Department of Physiology and Pathophysiology, Rady Faculty of Health Sciences, University of Manitoba , Winnipeg, Manitoba , Canada.
Am J Physiol Heart Circ Physiol. 2018 Sep 1;315(3):H658-H668. doi: 10.1152/ajpheart.00092.2018. Epub 2018 Jun 15.
Numerous physiological and pathological events, from organ development to cancer and fibrosis, are characterized by an epithelial-to-mesenchymal transition (EMT), whereby adherent epithelial cells convert to migratory mesenchymal cells. During cardiac development, proepicardial organ epithelial cells undergo EMT to generate fibroblasts. Subsequent stress or damage induces further phenotype conversion of fibroblasts to myofibroblasts, causing fibrosis via synthesis of an excessive extracellular matrix. We have previously shown that the transcription factor scleraxis is both sufficient and necessary for the conversion of cardiac fibroblasts to myofibroblasts and found that scleraxis knockout reduced cardiac fibroblast numbers by 50%, possibly via EMT attenuation. Scleraxis induced expression of the EMT transcriptional regulators Twist1 and Snai1 via an unknown mechanism. Here, we report that scleraxis binds to E-box consensus sequences within the Twist1 and Snai1 promoters to transactivate these genes directly. Scleraxis upregulates expression of both genes in A549 epithelial cells and in cardiac myofibroblasts. Transforming growth factor-β induces EMT, fibrosis, and scleraxis expression, and we found that transforming growth factor-β-mediated upregulation of Twist1 and Snai1 completely depends on the presence of scleraxis. Snai1 knockdown upregulated the epithelial marker E-cadherin; however, this effect was lost after scleraxis overexpression, suggesting that scleraxis may repress E-cadherin expression. Together, these results indicate that scleraxis can regulate EMT via direct transactivation of the Twist1 and Snai1 genes. Given the role of scleraxis in also driving the myofibroblast phenotype, scleraxis appears to be a critical controller of fibroblast genesis and fate in the myocardium and thus may play key roles in wound healing and fibrosis. NEW & NOTEWORTHY The molecular mechanism by which the transcription factor scleraxis mediates Twist1 and Snai1 gene expression was determined. These results reveal a novel means of transcriptional regulation of epithelial-to-mesenchymal transition and demonstrate that transforming growth factor-β-mediated epithelial-to-mesenchymal transition is dependent on scleraxis, providing a potential target for controlling this process.
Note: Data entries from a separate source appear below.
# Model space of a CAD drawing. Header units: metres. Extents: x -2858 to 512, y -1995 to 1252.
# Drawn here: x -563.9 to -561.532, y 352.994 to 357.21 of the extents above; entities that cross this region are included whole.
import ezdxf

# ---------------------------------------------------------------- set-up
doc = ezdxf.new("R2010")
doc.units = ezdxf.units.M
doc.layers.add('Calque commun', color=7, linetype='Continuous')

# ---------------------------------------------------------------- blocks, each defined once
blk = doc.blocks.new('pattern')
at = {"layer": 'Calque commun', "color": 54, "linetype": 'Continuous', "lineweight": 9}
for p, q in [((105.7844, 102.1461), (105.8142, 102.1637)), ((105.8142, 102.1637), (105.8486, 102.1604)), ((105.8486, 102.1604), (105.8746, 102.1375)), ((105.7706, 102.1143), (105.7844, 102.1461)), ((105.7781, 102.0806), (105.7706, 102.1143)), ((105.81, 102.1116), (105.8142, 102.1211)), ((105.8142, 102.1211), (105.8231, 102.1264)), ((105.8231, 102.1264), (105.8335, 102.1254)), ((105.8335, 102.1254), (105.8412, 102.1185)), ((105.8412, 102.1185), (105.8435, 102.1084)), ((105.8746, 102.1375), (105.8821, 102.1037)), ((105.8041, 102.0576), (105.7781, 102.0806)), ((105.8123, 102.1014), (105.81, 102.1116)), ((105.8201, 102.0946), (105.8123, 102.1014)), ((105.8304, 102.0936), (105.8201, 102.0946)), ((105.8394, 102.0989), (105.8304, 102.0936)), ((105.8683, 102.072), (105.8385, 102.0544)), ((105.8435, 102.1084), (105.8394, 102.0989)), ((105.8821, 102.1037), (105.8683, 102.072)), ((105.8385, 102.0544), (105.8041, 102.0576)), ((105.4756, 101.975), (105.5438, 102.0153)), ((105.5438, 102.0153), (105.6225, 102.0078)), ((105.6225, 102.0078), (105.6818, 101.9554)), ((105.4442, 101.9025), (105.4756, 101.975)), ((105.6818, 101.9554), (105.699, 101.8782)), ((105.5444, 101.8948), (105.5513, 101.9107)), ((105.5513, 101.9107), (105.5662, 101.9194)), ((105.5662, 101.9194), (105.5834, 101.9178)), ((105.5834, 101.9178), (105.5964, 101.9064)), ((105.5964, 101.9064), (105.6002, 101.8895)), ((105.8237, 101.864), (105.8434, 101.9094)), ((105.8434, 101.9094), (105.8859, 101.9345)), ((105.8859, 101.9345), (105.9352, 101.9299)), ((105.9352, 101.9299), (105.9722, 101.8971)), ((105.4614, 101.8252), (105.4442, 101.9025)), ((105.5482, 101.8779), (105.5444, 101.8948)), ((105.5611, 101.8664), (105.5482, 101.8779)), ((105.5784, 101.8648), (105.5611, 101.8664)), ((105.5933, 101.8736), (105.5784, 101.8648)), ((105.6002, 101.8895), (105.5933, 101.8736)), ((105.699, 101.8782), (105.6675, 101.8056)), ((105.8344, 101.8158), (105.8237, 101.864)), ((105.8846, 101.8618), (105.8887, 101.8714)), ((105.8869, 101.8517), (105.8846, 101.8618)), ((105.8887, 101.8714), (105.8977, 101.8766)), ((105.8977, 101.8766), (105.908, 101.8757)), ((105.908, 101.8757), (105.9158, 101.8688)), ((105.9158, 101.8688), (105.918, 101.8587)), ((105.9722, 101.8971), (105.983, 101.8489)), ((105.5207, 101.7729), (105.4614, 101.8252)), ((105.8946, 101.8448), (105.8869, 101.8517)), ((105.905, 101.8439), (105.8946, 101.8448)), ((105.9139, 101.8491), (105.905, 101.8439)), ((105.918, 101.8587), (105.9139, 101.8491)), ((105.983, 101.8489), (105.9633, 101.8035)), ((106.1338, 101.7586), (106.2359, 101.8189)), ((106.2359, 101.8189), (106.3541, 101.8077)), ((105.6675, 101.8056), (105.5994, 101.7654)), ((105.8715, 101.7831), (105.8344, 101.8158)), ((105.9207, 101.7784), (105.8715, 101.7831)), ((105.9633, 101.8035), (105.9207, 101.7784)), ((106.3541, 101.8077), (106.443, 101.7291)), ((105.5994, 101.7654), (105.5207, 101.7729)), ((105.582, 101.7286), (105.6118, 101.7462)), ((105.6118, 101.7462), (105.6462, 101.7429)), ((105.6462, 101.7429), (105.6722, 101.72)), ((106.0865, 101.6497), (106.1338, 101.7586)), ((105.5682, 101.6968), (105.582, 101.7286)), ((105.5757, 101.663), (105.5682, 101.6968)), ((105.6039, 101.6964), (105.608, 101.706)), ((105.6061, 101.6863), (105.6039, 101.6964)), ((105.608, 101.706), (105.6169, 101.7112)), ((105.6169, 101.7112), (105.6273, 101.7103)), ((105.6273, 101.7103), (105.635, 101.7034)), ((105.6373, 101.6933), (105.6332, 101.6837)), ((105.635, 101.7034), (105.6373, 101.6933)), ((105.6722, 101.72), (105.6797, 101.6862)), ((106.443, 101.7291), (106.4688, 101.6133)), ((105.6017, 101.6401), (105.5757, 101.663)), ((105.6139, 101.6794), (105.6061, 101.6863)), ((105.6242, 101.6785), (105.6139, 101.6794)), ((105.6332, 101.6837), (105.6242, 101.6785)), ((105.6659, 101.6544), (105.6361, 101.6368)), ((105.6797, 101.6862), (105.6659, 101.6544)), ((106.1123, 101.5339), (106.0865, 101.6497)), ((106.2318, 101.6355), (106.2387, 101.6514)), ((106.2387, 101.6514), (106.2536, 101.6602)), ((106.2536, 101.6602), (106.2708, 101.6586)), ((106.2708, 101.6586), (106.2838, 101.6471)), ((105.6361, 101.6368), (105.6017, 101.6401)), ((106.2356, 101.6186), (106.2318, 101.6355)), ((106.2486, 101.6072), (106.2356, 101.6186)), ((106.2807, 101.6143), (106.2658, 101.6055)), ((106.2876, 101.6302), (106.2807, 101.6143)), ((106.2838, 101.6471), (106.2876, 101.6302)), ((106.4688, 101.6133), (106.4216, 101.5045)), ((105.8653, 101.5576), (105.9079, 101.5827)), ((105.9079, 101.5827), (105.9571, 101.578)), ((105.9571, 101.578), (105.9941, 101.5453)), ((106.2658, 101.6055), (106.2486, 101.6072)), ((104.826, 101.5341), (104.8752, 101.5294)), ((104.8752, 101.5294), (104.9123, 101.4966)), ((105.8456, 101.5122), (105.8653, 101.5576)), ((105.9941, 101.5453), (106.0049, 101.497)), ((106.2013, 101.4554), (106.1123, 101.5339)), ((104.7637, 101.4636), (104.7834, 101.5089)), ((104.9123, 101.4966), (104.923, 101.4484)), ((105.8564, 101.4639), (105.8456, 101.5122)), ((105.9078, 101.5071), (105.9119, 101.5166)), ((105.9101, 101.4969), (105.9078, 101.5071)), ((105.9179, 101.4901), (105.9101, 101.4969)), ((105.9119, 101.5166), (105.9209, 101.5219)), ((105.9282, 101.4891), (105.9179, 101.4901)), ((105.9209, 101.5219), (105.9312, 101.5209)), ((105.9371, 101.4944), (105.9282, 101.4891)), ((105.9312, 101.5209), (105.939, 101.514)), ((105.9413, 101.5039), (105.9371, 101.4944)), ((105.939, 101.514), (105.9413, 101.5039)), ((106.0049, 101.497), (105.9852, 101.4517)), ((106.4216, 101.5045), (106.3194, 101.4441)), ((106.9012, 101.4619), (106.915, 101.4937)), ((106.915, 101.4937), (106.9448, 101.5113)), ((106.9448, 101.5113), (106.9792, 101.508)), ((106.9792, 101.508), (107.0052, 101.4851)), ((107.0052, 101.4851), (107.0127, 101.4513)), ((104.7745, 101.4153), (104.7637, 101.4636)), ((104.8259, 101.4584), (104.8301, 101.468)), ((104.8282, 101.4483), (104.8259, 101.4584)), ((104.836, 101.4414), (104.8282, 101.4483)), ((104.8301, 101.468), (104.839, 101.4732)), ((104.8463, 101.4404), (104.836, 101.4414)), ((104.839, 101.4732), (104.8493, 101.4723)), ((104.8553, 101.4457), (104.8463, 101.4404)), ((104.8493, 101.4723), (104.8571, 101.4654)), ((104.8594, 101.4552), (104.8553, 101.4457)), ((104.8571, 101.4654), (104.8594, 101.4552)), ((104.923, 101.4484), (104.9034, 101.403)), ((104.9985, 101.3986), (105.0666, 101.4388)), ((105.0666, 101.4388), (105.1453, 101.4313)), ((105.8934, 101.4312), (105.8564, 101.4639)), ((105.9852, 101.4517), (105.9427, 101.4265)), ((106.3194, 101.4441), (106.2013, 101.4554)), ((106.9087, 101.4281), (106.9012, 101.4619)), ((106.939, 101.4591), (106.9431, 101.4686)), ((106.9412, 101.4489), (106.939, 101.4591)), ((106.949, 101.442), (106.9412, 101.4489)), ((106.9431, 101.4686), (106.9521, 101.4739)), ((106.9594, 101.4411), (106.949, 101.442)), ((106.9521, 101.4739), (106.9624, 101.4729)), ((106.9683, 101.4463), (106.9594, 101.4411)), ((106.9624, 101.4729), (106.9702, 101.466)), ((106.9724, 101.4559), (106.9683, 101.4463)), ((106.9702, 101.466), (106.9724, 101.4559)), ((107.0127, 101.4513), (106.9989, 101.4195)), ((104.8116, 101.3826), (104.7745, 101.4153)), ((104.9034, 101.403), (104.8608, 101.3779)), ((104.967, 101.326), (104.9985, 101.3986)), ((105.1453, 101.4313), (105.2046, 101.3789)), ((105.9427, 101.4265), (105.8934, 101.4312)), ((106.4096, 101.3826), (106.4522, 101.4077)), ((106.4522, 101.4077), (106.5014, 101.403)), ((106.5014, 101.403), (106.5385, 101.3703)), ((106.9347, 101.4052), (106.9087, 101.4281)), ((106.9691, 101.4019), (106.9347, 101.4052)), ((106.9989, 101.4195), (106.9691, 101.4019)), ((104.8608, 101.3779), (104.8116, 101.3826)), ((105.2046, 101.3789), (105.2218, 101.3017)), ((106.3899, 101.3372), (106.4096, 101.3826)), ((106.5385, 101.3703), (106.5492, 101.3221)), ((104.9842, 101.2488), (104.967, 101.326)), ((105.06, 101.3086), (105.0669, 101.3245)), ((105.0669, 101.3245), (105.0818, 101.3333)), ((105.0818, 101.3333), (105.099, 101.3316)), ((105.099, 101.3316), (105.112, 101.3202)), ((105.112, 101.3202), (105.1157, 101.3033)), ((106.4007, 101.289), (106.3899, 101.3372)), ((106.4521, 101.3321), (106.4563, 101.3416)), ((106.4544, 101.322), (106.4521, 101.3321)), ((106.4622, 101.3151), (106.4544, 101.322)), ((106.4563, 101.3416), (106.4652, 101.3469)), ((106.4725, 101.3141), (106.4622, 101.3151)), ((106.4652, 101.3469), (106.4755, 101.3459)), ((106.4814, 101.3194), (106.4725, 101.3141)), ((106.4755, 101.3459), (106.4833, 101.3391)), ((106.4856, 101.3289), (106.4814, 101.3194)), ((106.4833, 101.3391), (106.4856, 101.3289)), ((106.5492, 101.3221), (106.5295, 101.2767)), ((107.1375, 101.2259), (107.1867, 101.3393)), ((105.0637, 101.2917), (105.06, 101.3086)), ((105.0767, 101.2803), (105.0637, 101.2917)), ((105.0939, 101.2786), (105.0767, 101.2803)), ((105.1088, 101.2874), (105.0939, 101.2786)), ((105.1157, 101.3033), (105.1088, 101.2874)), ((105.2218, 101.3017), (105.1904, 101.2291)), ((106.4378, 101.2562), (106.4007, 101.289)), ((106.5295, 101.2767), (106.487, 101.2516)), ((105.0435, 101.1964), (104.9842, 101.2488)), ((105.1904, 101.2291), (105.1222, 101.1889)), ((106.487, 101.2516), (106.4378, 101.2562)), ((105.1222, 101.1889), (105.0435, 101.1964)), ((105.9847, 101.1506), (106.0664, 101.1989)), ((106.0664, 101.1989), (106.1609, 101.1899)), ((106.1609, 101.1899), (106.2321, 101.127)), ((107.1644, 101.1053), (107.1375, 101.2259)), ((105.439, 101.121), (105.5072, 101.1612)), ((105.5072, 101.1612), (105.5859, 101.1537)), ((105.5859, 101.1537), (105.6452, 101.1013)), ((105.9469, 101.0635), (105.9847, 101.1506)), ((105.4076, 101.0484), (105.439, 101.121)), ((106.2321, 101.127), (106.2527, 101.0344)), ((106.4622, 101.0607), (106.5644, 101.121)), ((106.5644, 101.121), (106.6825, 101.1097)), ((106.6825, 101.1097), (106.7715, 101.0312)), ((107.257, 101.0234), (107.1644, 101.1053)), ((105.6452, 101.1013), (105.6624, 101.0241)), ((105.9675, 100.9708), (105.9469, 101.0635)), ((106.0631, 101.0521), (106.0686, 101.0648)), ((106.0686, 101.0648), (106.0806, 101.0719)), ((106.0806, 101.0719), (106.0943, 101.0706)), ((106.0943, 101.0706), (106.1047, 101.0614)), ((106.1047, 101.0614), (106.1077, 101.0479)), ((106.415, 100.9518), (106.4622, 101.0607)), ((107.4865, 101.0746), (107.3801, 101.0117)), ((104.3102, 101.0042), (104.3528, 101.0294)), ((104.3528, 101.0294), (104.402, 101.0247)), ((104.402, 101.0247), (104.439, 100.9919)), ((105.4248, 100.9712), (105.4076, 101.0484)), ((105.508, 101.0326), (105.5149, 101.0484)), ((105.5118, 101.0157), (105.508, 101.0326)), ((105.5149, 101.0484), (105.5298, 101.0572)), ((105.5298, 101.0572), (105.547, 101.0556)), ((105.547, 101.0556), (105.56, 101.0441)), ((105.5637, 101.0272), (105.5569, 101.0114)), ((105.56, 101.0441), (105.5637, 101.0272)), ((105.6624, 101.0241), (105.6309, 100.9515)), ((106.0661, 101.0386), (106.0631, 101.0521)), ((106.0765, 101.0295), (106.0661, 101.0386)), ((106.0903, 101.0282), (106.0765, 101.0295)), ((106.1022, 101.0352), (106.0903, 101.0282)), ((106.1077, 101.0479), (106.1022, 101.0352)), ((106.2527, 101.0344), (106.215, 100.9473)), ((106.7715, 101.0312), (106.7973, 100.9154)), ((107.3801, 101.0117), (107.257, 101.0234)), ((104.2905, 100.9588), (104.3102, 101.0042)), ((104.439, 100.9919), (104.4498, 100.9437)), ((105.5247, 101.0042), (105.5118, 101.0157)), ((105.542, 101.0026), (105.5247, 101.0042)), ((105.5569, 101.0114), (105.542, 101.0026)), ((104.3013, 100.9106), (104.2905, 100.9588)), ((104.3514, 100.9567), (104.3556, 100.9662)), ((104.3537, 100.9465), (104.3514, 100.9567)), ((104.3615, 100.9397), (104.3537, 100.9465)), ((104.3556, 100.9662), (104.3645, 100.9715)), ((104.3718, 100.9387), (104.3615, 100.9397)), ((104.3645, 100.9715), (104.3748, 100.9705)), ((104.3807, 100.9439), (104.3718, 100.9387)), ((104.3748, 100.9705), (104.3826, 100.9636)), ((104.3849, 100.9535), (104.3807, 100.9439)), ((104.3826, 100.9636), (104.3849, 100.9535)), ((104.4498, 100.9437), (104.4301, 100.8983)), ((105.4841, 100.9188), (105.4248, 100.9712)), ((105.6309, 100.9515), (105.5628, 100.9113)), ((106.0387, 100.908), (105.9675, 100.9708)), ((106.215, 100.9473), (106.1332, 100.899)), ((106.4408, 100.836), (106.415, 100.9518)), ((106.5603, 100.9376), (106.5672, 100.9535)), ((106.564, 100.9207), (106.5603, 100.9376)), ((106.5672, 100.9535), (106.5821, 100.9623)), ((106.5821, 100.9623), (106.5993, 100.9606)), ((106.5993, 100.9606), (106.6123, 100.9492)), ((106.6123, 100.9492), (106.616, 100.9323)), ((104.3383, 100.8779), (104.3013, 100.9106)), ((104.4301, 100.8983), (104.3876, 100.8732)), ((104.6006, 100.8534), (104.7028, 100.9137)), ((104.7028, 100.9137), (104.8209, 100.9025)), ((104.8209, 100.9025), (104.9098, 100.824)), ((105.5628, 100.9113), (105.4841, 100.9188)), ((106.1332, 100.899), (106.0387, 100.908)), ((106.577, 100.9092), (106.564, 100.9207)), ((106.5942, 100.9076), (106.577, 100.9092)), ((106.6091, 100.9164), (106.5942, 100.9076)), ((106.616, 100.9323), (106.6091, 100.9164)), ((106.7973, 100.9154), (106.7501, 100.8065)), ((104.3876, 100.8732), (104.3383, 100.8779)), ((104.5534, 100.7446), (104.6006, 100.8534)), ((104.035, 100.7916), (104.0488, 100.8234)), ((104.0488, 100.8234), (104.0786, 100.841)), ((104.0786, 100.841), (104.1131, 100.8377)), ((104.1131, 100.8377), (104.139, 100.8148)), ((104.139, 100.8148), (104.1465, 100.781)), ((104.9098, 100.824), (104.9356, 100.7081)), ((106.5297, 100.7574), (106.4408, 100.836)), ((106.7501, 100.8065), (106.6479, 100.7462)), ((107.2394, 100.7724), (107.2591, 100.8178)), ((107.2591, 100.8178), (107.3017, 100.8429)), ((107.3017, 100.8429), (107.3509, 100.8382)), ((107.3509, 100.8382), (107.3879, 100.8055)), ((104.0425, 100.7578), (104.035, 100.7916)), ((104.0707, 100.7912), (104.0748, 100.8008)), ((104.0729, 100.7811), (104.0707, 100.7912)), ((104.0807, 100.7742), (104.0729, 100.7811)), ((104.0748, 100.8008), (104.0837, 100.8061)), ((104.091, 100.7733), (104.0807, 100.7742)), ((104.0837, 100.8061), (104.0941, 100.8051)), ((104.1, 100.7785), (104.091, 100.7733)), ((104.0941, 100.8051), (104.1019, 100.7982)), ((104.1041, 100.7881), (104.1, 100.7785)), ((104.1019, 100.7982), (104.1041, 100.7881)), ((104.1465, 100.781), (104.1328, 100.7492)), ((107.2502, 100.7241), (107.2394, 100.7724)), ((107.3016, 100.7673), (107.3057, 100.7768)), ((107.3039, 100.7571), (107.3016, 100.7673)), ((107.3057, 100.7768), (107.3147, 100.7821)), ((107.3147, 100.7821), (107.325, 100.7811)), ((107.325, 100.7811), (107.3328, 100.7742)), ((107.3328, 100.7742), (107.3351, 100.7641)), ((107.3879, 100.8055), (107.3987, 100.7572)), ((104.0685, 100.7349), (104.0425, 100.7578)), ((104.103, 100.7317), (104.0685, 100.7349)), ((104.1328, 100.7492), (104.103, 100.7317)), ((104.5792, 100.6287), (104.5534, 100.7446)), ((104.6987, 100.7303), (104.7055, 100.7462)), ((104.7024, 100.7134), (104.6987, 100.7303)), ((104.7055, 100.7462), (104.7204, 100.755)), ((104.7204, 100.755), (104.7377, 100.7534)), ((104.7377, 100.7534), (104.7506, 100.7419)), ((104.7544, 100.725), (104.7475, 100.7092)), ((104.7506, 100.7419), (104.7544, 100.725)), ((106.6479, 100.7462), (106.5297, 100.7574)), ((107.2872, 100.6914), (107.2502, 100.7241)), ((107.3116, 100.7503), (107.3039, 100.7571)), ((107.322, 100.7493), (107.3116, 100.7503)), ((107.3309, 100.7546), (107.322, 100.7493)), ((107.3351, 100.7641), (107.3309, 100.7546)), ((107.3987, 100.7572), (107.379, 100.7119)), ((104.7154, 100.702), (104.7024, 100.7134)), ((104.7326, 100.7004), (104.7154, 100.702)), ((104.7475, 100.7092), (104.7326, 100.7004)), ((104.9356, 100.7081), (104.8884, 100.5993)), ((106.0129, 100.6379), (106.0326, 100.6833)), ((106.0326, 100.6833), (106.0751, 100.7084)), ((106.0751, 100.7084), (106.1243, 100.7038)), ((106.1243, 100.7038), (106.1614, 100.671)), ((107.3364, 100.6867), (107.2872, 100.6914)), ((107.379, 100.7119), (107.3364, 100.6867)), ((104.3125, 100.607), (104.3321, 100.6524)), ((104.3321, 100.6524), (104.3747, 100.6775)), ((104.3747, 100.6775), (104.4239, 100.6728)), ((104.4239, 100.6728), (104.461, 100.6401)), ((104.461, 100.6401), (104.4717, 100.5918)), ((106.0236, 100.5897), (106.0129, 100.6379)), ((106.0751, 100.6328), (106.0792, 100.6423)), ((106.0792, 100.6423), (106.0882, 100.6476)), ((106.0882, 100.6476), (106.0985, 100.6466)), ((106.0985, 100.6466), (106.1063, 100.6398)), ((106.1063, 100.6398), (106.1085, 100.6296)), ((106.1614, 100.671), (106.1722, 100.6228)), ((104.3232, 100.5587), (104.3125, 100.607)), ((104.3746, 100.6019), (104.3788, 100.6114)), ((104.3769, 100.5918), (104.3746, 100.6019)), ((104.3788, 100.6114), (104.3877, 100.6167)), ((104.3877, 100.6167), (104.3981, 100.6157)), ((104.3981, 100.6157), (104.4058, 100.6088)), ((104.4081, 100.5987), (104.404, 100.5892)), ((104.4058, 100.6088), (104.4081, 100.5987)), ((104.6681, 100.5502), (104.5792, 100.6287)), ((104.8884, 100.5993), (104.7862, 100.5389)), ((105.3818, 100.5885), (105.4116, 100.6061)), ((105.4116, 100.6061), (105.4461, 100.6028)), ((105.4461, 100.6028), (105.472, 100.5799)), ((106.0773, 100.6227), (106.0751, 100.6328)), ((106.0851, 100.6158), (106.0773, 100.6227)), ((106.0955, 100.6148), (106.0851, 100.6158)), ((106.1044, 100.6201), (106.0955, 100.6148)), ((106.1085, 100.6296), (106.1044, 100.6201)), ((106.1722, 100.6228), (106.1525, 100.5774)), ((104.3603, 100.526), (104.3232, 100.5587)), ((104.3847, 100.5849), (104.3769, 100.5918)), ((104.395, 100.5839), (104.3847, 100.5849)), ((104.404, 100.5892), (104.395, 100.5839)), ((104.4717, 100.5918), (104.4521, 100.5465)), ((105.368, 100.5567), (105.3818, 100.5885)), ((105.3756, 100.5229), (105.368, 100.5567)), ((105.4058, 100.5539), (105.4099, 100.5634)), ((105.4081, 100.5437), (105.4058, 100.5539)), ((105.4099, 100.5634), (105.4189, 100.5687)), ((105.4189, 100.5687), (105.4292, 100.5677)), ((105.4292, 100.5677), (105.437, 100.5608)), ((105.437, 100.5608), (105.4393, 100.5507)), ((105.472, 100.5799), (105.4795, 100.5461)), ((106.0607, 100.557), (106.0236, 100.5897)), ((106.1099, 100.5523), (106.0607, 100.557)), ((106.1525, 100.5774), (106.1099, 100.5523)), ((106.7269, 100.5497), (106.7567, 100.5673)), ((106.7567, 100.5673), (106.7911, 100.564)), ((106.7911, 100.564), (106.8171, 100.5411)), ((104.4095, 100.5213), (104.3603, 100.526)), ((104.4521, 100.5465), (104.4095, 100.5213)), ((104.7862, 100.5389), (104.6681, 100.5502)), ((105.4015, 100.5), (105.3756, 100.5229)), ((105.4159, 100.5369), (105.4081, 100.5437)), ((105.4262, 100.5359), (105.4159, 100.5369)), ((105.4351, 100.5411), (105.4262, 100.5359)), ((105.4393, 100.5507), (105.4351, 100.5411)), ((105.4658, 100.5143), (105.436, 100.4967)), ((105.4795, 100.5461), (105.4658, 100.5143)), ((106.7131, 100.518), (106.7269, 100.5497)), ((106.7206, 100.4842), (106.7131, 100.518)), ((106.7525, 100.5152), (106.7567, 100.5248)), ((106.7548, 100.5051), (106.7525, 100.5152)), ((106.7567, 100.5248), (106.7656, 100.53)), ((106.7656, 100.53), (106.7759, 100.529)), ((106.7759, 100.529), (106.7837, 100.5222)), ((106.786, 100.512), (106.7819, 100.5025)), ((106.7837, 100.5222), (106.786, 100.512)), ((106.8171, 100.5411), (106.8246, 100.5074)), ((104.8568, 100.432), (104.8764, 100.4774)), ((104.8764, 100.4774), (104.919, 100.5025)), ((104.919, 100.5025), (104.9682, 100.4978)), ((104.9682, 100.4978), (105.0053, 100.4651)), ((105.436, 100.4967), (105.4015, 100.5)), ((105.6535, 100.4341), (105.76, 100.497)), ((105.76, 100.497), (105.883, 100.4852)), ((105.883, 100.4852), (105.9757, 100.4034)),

许多生理和病理事件,从器官发育到癌症和纤维化,其特征是上皮-间充质转化(EMT),即附着的上皮细胞转化为迁移的间充质细胞。在心脏发育过程中,心外膜器官上皮细胞经历 EMT 以产生成纤维细胞。随后的应激或损伤进一步诱导成纤维细胞向肌成纤维细胞的表型转化,通过合成过多的细胞外基质导致纤维化。我们之前已经表明,转录因子 Scleraxis 对于将心脏成纤维细胞转化为肌成纤维细胞是充分和必要的,并且发现 Scleraxis 敲除减少了 50%的心脏成纤维细胞数量,这可能是通过 EMT 衰减实现的。Scleraxis 通过未知机制诱导 EMT 转录调节因子 Twist1 和 Snai1 的表达。在这里,我们报告 Scleraxis 通过与 Twist1 和 Snai1 启动子中的 E-box 保守序列结合,直接转录激活这些基因。Scleraxis 在 A549 上皮细胞和成人心肌成纤维细胞中上调这两个基因的表达。转化生长因子-β诱导 EMT、纤维化和 Scleraxis 表达,我们发现转化生长因子-β介导的 Twist1 和 Snai1 的上调完全依赖于 Scleraxis 的存在。Snai1 的敲低上调上皮标志物 E-钙黏蛋白;然而,在 Scleraxis 过表达后,这种效应消失,表明 Scleraxis 可能抑制 E-钙黏蛋白的表达。总之,这些结果表明 Scleraxis 可以通过直接转录激活 Twist1 和 Snai1 基因来调节 EMT。鉴于 Scleraxis 在驱动肌成纤维细胞表型方面的作用,Scleraxis 似乎是心肌中成纤维细胞发生和命运的关键控制器,因此可能在伤口愈合和纤维化中发挥关键作用。
新的和值得注意的是,确定了转录因子 Scleraxis 介导 Twist1 和 Snai1 基因表达的分子机制。这些结果揭示了 EMT 的一种新的转录调控方式,并表明转化生长因子-β介导的 EMT 依赖于 Scleraxis,为控制这一过程提供了一个潜在的靶点。